# Mine Safety

We're interested in [US mine safety](https://arlweb.msha.gov/drs/drshome.htm), thank goodness we can search for these things.

## Setup: Import what you'll need to search and scrape and Selenium

In [1]:
from selenium import webdriver
from selenium.webdriver.common.keys import Keys
from selenium.webdriver.support.ui import Select
from selenium.webdriver.support.ui import WebDriverWait

## Starting from `https://arlweb.msha.gov/drs/drshome.htm`, search for every operator with 'dirt' in their name, including abandoned mines.

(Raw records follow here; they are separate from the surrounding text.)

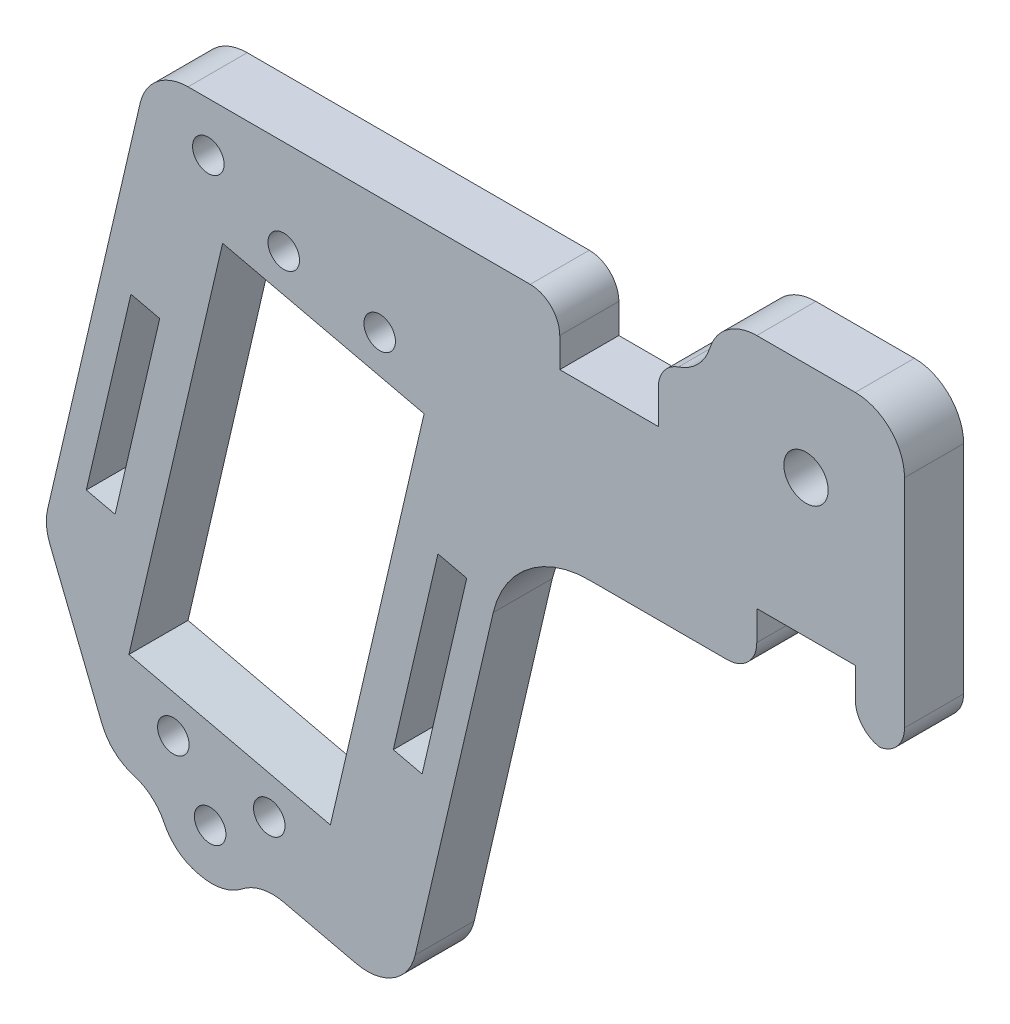
SolidWorks part; units mm, degrees
material "MDF"
ref_plane "Plano frontal" through (0, 0, 0) normal (0, 0, 1) x (1, 0, 0)
ref_plane "Plano superior" through (0, 0, 0) normal (0, 1, 0) x (1, 0, 0)
ref_plane "Plano direito" through (0, 0, 0) normal (1, 0, 0) x (0, 0, -1)
sketch "Esboço1" plane through (0, 0, 0) normal (0, 0, 1) x (1, 0, 0)
  line L0 (0, 20) -> (0, 0) construction
  line L5 (15, 16) -> (18, 16) construction
  line L6 (18, 6) -> (18, 16) construction
  line L15 (10, 11) -> (-10, 11) construction
  line L16 (15, 6) -> (18, 6) construction
  line L21 (-15, 6) -> (-18, 6) construction
  line L22 (-15, 6) -> (-15, 16) construction
  line L27 (-15, 16) -> (-18, 16) construction
  line L28 (-18, 6) -> (-18, 16) construction
  line L29 (-15, 6) -> (-18, 16) construction
  line L30 (-15, 16) -> (-18, 6) construction
  line L35 (15, 6) -> (15, 16) construction
  line L36 (23, 0) -> (23, 23)
  line L37 (23, 23) -> (-66.701, 23)
  line L43 (-29.9553, 0) -> (23, 0)
  line L61 (-68.7379, -29.9136) -> (-59.2257, 10.995)
  line L66 (-59.2257, 10.995) -> (-38.7714, 6.2389)
  line L67 (-38.7714, 6.2389) -> (-48.2836, -34.6697)
  line L68 (-48.2836, -34.6697) -> (-68.7379, -29.9136)
  line L69 (-63.9818, -9.4593) -> (-43.5275, -14.2154) construction
  line L74 (-48.9985, 8.617) -> (-58.5107, -32.2917) construction
  line L75 (-61.7051, 0.3321) -> (-41.2508, -4.424) construction
  line L80 (-38.7714, 6.2389) -> (-38.7714, -27.2218) construction
  line L85 (0, 20) -> (-15.8727, -48.263) construction
  line L86 (5, 0) -> (-5, 0)
  line L87 (-66.701, 23) -> (-80.7429, -37.389)
  line L88 (-80.7429, -37.389) -> (-40.8082, -46.6747)
  line L89 (-40.8082, -46.6747) -> (-29.9553, 0)
  line L93 (-65.6456, -40.8994) -> (-66.4949, -44.552)
  line L94 (-66.4949, -44.552) -> (-56.7548, -46.8168)
  line L95 (-55.9055, -43.1642) -> (-56.7548, -46.8168)
  line L96 (-47.0168, 17.1396) -> (-48.1492, 12.2695) construction
  line L97 (-48.1492, 12.2695) -> (-53.0193, 13.4019) construction
  line L98 (5, 0) -> (5, 6)
  line L99 (5, 6) -> (-5, 6)
  line L100 (-5, 0) -> (-5, 6)
  line L101 (0, 6) -> (0, 0) construction
  line L102 (5, 3) -> (-5, 3) construction
  line L103 (-10, 23) -> (-10, 30)
  line L104 (-10, 30) -> (10, 30)
  line L105 (10, 30) -> (10, 23)
  line L106 (10, 23) -> (10, 0)
  line L107 (-73.0647, -17.6141) -> (-70.1427, -18.2935)
  line L108 (-70.1427, -18.2935) -> (-65.6131, 1.1868)
  line L109 (-65.6131, 1.1868) -> (-68.5351, 1.8662)
  line L110 (-38.9742, -25.5409) -> (-41.8962, -24.8615)
  line L111 (-37.3666, -5.3812) -> (-34.4446, -6.0606)
  line L112 (-41.8962, -24.8615) -> (-37.3666, -5.3812)
  line L113 (-68.5351, 1.8662) -> (-73.0647, -17.6141)
  line L114 (-15, 17) -> (-25, 17)
  line L115 (-15, 17) -> (-15, 23)
  line L116 (-15, 23) -> (-25, 23)
  line L117 (-25, 17) -> (-25, 23)
  line L118 (-20, 23) -> (-20, 17) construction
  line L119 (-15, 20) -> (-25, 20) construction
  line L120 (-34.4446, -6.0606) -> (-38.9742, -25.5409)
  circle A0 centre (0, 20) radius 2.25
  circle A1 centre (10, 11) radius 1.6 construction
  circle A2 centre (-10, 11) radius 1.6 construction
  circle A8 centre (-64.2301, -34.8118) radius 1.6
  circle A9 centre (-54.49, -37.0766) radius 1.6
  circle A10 centre (-43.2792, 11.1371) radius 1.6
  circle A11 centre (-53.0193, 13.4019) radius 1.6
  circle A12 centre (-47.0168, 17.1396) radius 1.6 construction
  circle A15 centre (-60.4925, -40.8143) radius 1.6
  circle A16 centre (-60.6769, 18) radius 1.6
  point P0 (0, 20)
  point P13 (-16.5, 11)
  point P39 (-51.4779, -2.046)
  point P49 (0, 3)
  point P61 (0, 11)
  point P62 (-67.8779, -8.5534)
  point P68 (0, 30)
  point P69 (-20, 20)
  dimension "D1" = 4.5
  dimension "D3" = 3.2
  dimension "D11" = 14.6974
  dimension "D12" = 56
  dimension "D9" = 49.5
  dimension "D30" = 5
  dimension "D33" = 5
  dimension "D34" = 7
  dimension "D2" = 20
  dimension "D4" = 5
  dimension "D5" = 21
  dimension "D6" = 10
  dimension "D7" = 3
  dimension "D8" = 42
  dimension "D10" = 10
  dimension "D13" = 20
  dimension "D14" = 10
  dimension "D15" = 10
  dimension "D16" = 10
  dimension "D17" = 6
  dimension "D18" = 5
  dimension "D19" = 7
  dimension "D20" = 6
  dimension "D21" = 13.09
  dimension "D22" = 10
  dimension "D23" = 10
  dimension "D24" = 5
  dimension "D25" = 5
  dimension "D26" = 20
  dimension "D27" = 3
  dimension "D28" = 20
  dimension "D32" = 4
extrude "Ressalto-extrusão1" add sketch "Esboço1" along normal blind 6 contours L37 L87 L88 L89 L43 A12 A9 A8 A0 L67 L68 L61 L66 L21 L28 L27 L22 L86 L100 L99 L98 A10 A11 | L104 L103 L37 | L95 L88 L93 L94 A15 region at (-39.0316, -2.4357, 0) region at (0, 26.5, 0) region at (-61.2053, -43.8799, 0)
fillet "Filete1" radius 10 1 edges at (-29.9553, 0, 3)
fillet "Filete2" radius 5 6 edges at (-66.701, 23, 3) (-66.4949, -44.552, 3) (-56.7548, -46.8168, 3) (-40.8082, -46.6747, 3) (-10, 30, 3) (10, 30, 3)
fillet "Filete4" radius 5 3 edges at (-65.6456, -40.8994, 3) (-55.9055, -43.1642, 3) (-10, 23, 3)
fillet "Filete5" radius 3 5 edges at (-25, 23, 3) (-15, 23, 3) (-5, 0, 3) (10, 0, 3) (5, 0, 3)
chamfer "Chanfro1" distance 15 angle 35 1 edges at (-80.7429, -37.389, 3) first distance on face at (-74.1716, -9.1283, 3)
fillet "Filete6" radius 5 2 edges at (-77.3457, -22.7787, 3) (-70.5127, -39.7677, 3)

> - *Tip: If you can't make an element work using name, class or ID, try to use the XPath*

In [2]:
driver = webdriver.Chrome()

driver.get("https://arlweb.msha.gov/drs/drshome.htm")

In [3]:
text_input = driver.find_element_by_name('OperSearch')

In [4]:
driver.execute_script("arguments[0].scrollIntoView(true)", text_input)

In [5]:
text_input.send_keys('dirt')

In [6]:
abandoned_button = driver.find_element_by_xpath('//*[@id="content"]/form[1]/table/tbody/tr[3]/td[3]/table/tbody/tr/td/input')
abandoned_button.click()

In [7]:
button = driver.find_element_by_xpath('//*[@id="content"]/form[1]/table/tbody/tr[7]/td[3]/input[1]')
button.click()

## Scrape the results page, saving it as `dirt-operators.csv`

> - *Tip: Think about what each row in your dataset will be, and start by looping through that*
> - *Tip: Printing is cool and good! Print everything! Move it into a dictionary later.*
> - *Tip: If you don't want a row, think about what's in the row that makes it different. You can use an `if` statement or list slicing to skip the ones you aren't interested in.*
> - *Tip: Make sure your dictionary and your loop variable have DIFFERENT NAMES*
> - *Tip: After you've made your dictionary (and printed it, of course), you'll want to add it to your list of rows*
> - *Tip: Be sure to import pandas to convert it to a dataframe*
> - *Tip: Make sure you don't include the index when saving your dataframe*

### Hopefully you know that each `tr` is supposed to be a row of your data. What is the index of the first row element that is actually a result?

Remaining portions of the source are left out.